Hurrah for Halloumi |

Hurrah for Halloumi

Many meatless proteins—tofu and tempeh, chief among them—have little to no flavor of their own. While they do absorb other flavors easily, and a skilled chef can coax either into a fair imitation of meat, neither one gives the cook much to work with. So for a vegetarian option with a distinctive character, consider halloumi cheese—a Cyproit import with widespread potential.
Thick and spongy, halloumi has a rubbery texture slightly tougher than mozzarella, making a characteristic “squeak” when the teeth bite down on it. Made from goat’s and sheep’s milk, the cheese is salty and slightly tangy, but mild—letting it pair well with a variety of flavors both sweet and savory. And, since it doesn’t melt until very high temperatures, it can be much more versatile than many cheeses, treated like any other protein.

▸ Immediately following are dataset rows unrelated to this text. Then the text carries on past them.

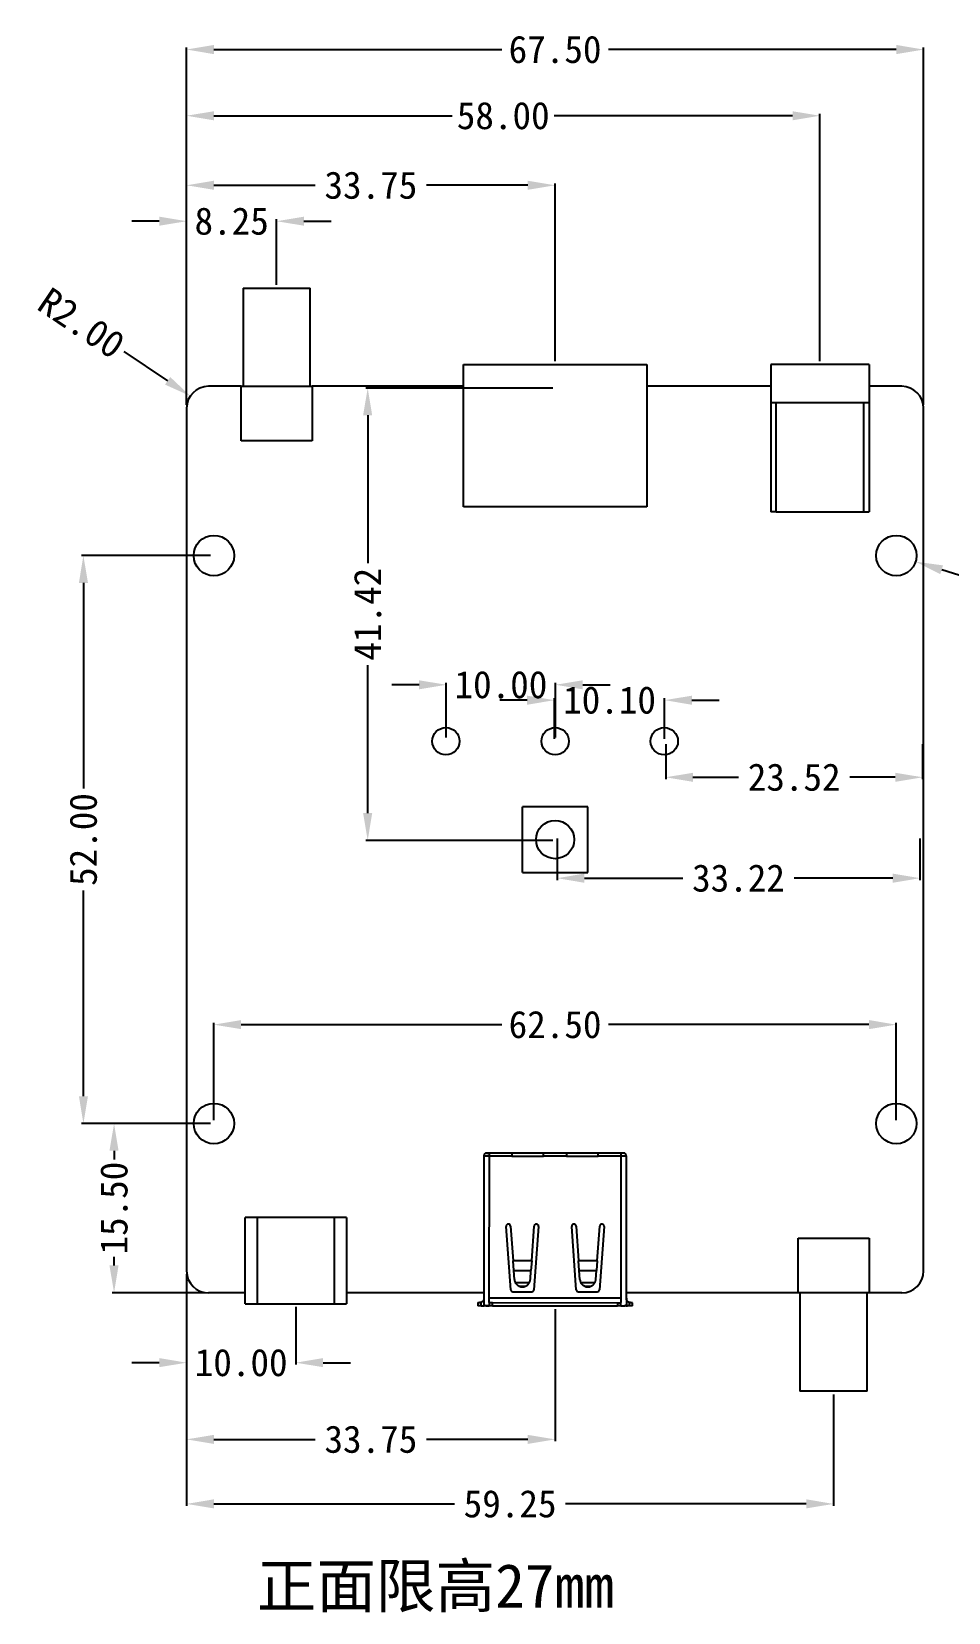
# Model space of a CAD drawing. Header units: millimetres. Extents: x 202 to 451, y 285 to 442.
# Drawn here: x 202.2 to 286.2, y 284.9 to 429.7 of the extents above; entities that cross this region are included whole.
import ezdxf

# ---------------------------------------------------------------- set-up
doc = ezdxf.new("R2010")
doc.units = ezdxf.units.MM
doc.layers.add('1', color=7, linetype='Continuous', true_color=0xffffff)
doc.dimstyles.get("Standard").update_dxf_attribs({"dimtxt": 2.5, "dimasz": 2.5, "dimexe": 0.18, "dimexo": 0.3, "dimgap": 0.09, "dimtad": 0, "dimzin": 0, "dimdsep": 46, "dimtxsty": 'Standard', "dimcen": 0, "dimclrd": 3, "dimclre": 3, "dimclrt": 4, "dimadec": 0, "dimazin": 0, "dimtfac": 1, "dimtofl": 0, "dimtmove": 0, "dimatfit": 3, "dimfxl": 1, "dimtolj": 1, "dimtzin": 0, "dimarcsym": 0})

# ---------------------------------------------------------------- blocks, each defined once
blk = doc.blocks.new('*D1')
at = {"color": 3, "linetype": 'ByBlock', "lineweight": -2}
for p, q in [((216.43, 395.51), (216.43, 428.22)), ((218.93, 428.04), (245.3, 428.04)), ((281.43, 428.04), (255.07, 428.04)), ((283.93, 395.51), (283.93, 428.22))]:
    blk.add_line(p, q, dxfattribs=at)
at = {"color": 3, "linetype": 'ByBlock', "lineweight": -3}
for points in [[(218.93, 428.46), (218.93, 427.62), (216.43, 428.04)], [(281.43, 428.46), (281.43, 427.62), (283.93, 428.04)]]:
    blk.add_solid(points, dxfattribs=at)
at = {"layer": 'Defpoints', "color": 0, "linetype": 'ByBlock', "lineweight": -3}
for p in [(283.93, 428.04), (216.43, 395.21), (283.93, 395.21)]:
    blk.add_point(p, dxfattribs=at)
at = {"color": 4, "linetype": 'ByBlock', "lineweight": -3, "insert": (250.18, 428.04), "char_height": 2.5, "attachment_point": 5}
blk.add_mtext('\\A1;67.50', dxfattribs=at)
blk = doc.blocks.new('*D2')
at = {"color": 3, "linetype": 'ByBlock', "lineweight": -2}
blk.add_line((210.69, 400.39), (214.69, 397.71), dxfattribs=at)
at = {"color": 3, "linetype": 'ByBlock', "lineweight": -3}
blk.add_solid([(214.93, 398.06), (214.46, 397.36), (216.77, 396.32)], dxfattribs=at)
at = {"layer": 'Defpoints', "color": 0, "linetype": 'ByBlock', "lineweight": -3}
for p in [(216.77, 396.32), (218.43, 395.21)]:
    blk.add_point(p, dxfattribs=at)
at = {"color": 4, "linetype": 'ByBlock', "lineweight": -3, "insert": (206.8, 402.99), "char_height": 2.5, "attachment_point": 5, "rotation": 326.1982}
blk.add_mtext('\\A1;R2.00', dxfattribs=at)
blk = doc.blocks.new('*D3')
at = {"color": 3, "linetype": 'ByBlock', "lineweight": -2}
for p, q in [((216.43, 395.51), (216.43, 412.5)), ((224.68, 406.51), (224.68, 412.5)), ((213.93, 412.32), (211.43, 412.32)), ((227.18, 412.32), (229.68, 412.32))]:
    blk.add_line(p, q, dxfattribs=at)
at = {"color": 3, "linetype": 'ByBlock', "lineweight": -3}
for points in [[(213.93, 412.74), (213.93, 411.91), (216.43, 412.32)], [(227.18, 412.74), (227.18, 411.91), (224.68, 412.32)]]:
    blk.add_solid(points, dxfattribs=at)
at = {"layer": 'Defpoints', "color": 0, "linetype": 'ByBlock', "lineweight": -3}
for p in [(224.68, 412.32), (224.68, 406.21), (216.43, 395.21)]:
    blk.add_point(p, dxfattribs=at)
at = {"color": 4, "linetype": 'ByBlock', "lineweight": -3, "insert": (220.56, 412.32), "char_height": 2.5, "attachment_point": 5}
blk.add_mtext('\\A1;8.25', dxfattribs=at)
blk = doc.blocks.new('*D4')
at = {"color": 3, "linetype": 'ByBlock', "lineweight": -2}
for p, q in [((216.43, 395.51), (216.43, 415.79)), ((218.93, 415.61), (228.22, 415.61)), ((247.68, 415.61), (238.4, 415.61)), ((250.18, 399.51), (250.18, 415.79))]:
    blk.add_line(p, q, dxfattribs=at)
at = {"color": 3, "linetype": 'ByBlock', "lineweight": -3}
for points in [[(218.93, 416.03), (218.93, 415.2), (216.43, 415.61)], [(247.68, 416.03), (247.68, 415.2), (250.18, 415.61)]]:
    blk.add_solid(points, dxfattribs=at)
at = {"layer": 'Defpoints', "color": 0, "linetype": 'ByBlock', "lineweight": -3}
for p in [(250.18, 415.61), (250.18, 399.21), (216.43, 395.21)]:
    blk.add_point(p, dxfattribs=at)
at = {"color": 4, "linetype": 'ByBlock', "lineweight": -3, "insert": (233.31, 415.61), "char_height": 2.5, "attachment_point": 5}
blk.add_mtext('\\A1;33.75', dxfattribs=at)
blk = doc.blocks.new('*D5')
at = {"color": 3, "linetype": 'ByBlock', "lineweight": -2}
for p, q in [((216.43, 395.51), (216.43, 422.16)), ((218.93, 421.98), (240.76, 421.98)), ((271.93, 421.98), (250.11, 421.98)), ((274.43, 399.51), (274.43, 422.16))]:
    blk.add_line(p, q, dxfattribs=at)
at = {"color": 3, "linetype": 'ByBlock', "lineweight": -3}
for points in [[(218.93, 422.39), (218.93, 421.56), (216.43, 421.98)], [(271.93, 422.39), (271.93, 421.56), (274.43, 421.98)]]:
    blk.add_solid(points, dxfattribs=at)
at = {"layer": 'Defpoints', "color": 0, "linetype": 'ByBlock', "lineweight": -3}
for p in [(274.43, 421.98), (274.43, 399.21), (216.43, 395.21)]:
    blk.add_point(p, dxfattribs=at)
at = {"color": 4, "linetype": 'ByBlock', "lineweight": -3, "insert": (245.43, 421.98), "char_height": 2.5, "attachment_point": 5}
blk.add_mtext('\\A1;58.00', dxfattribs=at)
blk = doc.blocks.new('*D6')
at = {"color": 3, "linetype": 'ByBlock', "lineweight": -2}
for p, q in [((216.43, 315.91), (216.43, 307.63)), ((226.43, 312.91), (226.43, 307.63)), ((213.93, 307.81), (211.43, 307.81)), ((228.93, 307.81), (231.43, 307.81))]:
    blk.add_line(p, q, dxfattribs=at)
at = {"color": 3, "linetype": 'ByBlock', "lineweight": -3}
for points in [[(213.93, 308.23), (213.93, 307.4), (216.43, 307.81)], [(228.93, 308.23), (228.93, 307.4), (226.43, 307.81)]]:
    blk.add_solid(points, dxfattribs=at)
at = {"layer": 'Defpoints', "color": 0, "linetype": 'ByBlock', "lineweight": -3}
for p in [(216.43, 316.21), (226.43, 313.21), (226.43, 307.81)]:
    blk.add_point(p, dxfattribs=at)
at = {"color": 4, "linetype": 'ByBlock', "lineweight": -3, "insert": (221.43, 307.81), "char_height": 2.5, "attachment_point": 5}
blk.add_mtext('\\A1;10.00', dxfattribs=at)
blk = doc.blocks.new('*D7')
at = {"color": 3, "linetype": 'ByBlock', "lineweight": -2}
for p, q in [((216.43, 315.91), (216.43, 300.61)), ((250.18, 312.71), (250.18, 300.61)), ((218.93, 300.79), (228.22, 300.79)), ((247.68, 300.79), (238.4, 300.79))]:
    blk.add_line(p, q, dxfattribs=at)
at = {"color": 3, "linetype": 'ByBlock', "lineweight": -3}
for points in [[(218.93, 301.2), (218.93, 300.37), (216.43, 300.79)], [(247.68, 301.2), (247.68, 300.37), (250.18, 300.79)]]:
    blk.add_solid(points, dxfattribs=at)
at = {"layer": 'Defpoints', "color": 0, "linetype": 'ByBlock', "lineweight": -3}
for p in [(216.43, 316.21), (250.18, 313.01), (250.18, 300.79)]:
    blk.add_point(p, dxfattribs=at)
at = {"color": 4, "linetype": 'ByBlock', "lineweight": -3, "insert": (233.31, 300.79), "char_height": 2.5, "attachment_point": 5}
blk.add_mtext('\\A1;33.75', dxfattribs=at)
blk = doc.blocks.new('*D8')
at = {"color": 3, "linetype": 'ByBlock', "lineweight": -2}
for p, q in [((216.43, 315.91), (216.43, 294.7)), ((275.68, 304.91), (275.68, 294.7)), ((218.93, 294.88), (240.97, 294.88)), ((273.18, 294.88), (251.15, 294.88))]:
    blk.add_line(p, q, dxfattribs=at)
at = {"color": 3, "linetype": 'ByBlock', "lineweight": -3}
for points in [[(218.93, 295.3), (218.93, 294.47), (216.43, 294.88)], [(273.18, 295.3), (273.18, 294.47), (275.68, 294.88)]]:
    blk.add_solid(points, dxfattribs=at)
at = {"layer": 'Defpoints', "color": 0, "linetype": 'ByBlock', "lineweight": -3}
for p in [(216.43, 316.21), (275.68, 305.21), (275.68, 294.88)]:
    blk.add_point(p, dxfattribs=at)
at = {"color": 4, "linetype": 'ByBlock', "lineweight": -3, "insert": (246.06, 294.88), "char_height": 2.5, "attachment_point": 5}
blk.add_mtext('\\A1;59.25', dxfattribs=at)
blk = doc.blocks.new('*D9')
at = {"color": 3, "linetype": 'ByBlock', "lineweight": -2}
for p, q in [((218.93, 330.01), (218.93, 338.94)), ((221.43, 338.76), (245.3, 338.76)), ((278.93, 338.76), (255.07, 338.76)), ((281.43, 330.01), (281.43, 338.94))]:
    blk.add_line(p, q, dxfattribs=at)
at = {"color": 3, "linetype": 'ByBlock', "lineweight": -3}
for points in [[(221.43, 339.18), (221.43, 338.35), (218.93, 338.76)], [(278.93, 339.18), (278.93, 338.35), (281.43, 338.76)]]:
    blk.add_solid(points, dxfattribs=at)
at = {"layer": 'Defpoints', "color": 0, "linetype": 'ByBlock', "lineweight": -3}
for p in [(281.43, 338.76), (218.93, 329.71), (281.43, 329.71)]:
    blk.add_point(p, dxfattribs=at)
at = {"color": 4, "linetype": 'ByBlock', "lineweight": -3, "insert": (250.18, 338.76), "char_height": 2.5, "attachment_point": 5}
blk.add_mtext('\\A1;62.50', dxfattribs=at)
blk = doc.blocks.new('*D10')
at = {"color": 3, "linetype": 'ByBlock', "lineweight": -2}
for p, q in [((218.63, 381.71), (206.8, 381.71)), ((206.98, 379.21), (206.98, 360.38)), ((206.98, 332.21), (206.98, 351.03)), ((218.63, 329.71), (206.8, 329.71))]:
    blk.add_line(p, q, dxfattribs=at)
at = {"color": 3, "linetype": 'ByBlock', "lineweight": -3}
for points in [[(206.57, 379.21), (207.4, 379.21), (206.98, 381.71)], [(206.57, 332.21), (207.4, 332.21), (206.98, 329.71)]]:
    blk.add_solid(points, dxfattribs=at)
at = {"layer": 'Defpoints', "color": 0, "linetype": 'ByBlock', "lineweight": -3}
for p in [(206.98, 381.71), (218.93, 381.71), (218.93, 329.71)]:
    blk.add_point(p, dxfattribs=at)
at = {"color": 4, "linetype": 'ByBlock', "lineweight": -3, "insert": (206.98, 355.71), "char_height": 2.5, "attachment_point": 5, "rotation": 90}
blk.add_mtext('\\A1;52.00', dxfattribs=at)
blk = doc.blocks.new('*D11')
at = {"color": 3, "linetype": 'ByBlock', "lineweight": -2}
for p, q in [((218.63, 329.71), (209.61, 329.71)), ((209.79, 327.21), (209.79, 326.42)), ((209.79, 316.71), (209.79, 317.49)), ((218.13, 314.21), (209.61, 314.21))]:
    blk.add_line(p, q, dxfattribs=at)
at = {"color": 3, "linetype": 'ByBlock', "lineweight": -3}
for points in [[(209.37, 327.21), (210.2, 327.21), (209.79, 329.71)], [(209.37, 316.71), (210.2, 316.71), (209.79, 314.21)]]:
    blk.add_solid(points, dxfattribs=at)
at = {"layer": 'Defpoints', "color": 0, "linetype": 'ByBlock', "lineweight": -3}
for p in [(209.79, 329.71), (218.93, 329.71), (218.43, 314.21)]:
    blk.add_point(p, dxfattribs=at)
at = {"color": 4, "linetype": 'ByBlock', "lineweight": -3, "insert": (209.79, 321.96), "char_height": 2.5, "attachment_point": 5, "rotation": 90}
blk.add_mtext('\\A1;15.50', dxfattribs=at)
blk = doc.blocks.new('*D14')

Traditional preparations pan-fry thick slices of the halloumi, as one would an eggplant, or broil them under high heat. The outer skin becomes crispy, while the interior softens just a bit, maintaining its “squeaky” texture. In Cyprus, fresh halloumi is cubed and tossed with watermelon and mint, eaten as a summertime salad. The cubed cheese can also be strung on a skewer and grilled, kabob-style. Halloumi steaks are mild enough to balance out powerful spice, like a firey tomato sauce or a red chili relish. And when brushed with honey and grilled, the cheese takes on a sweetness that pairs perfectly with grilled fruit or a fresh berry compote.

Move over, mozzarella—there’s a new Mediterranean cheese in town.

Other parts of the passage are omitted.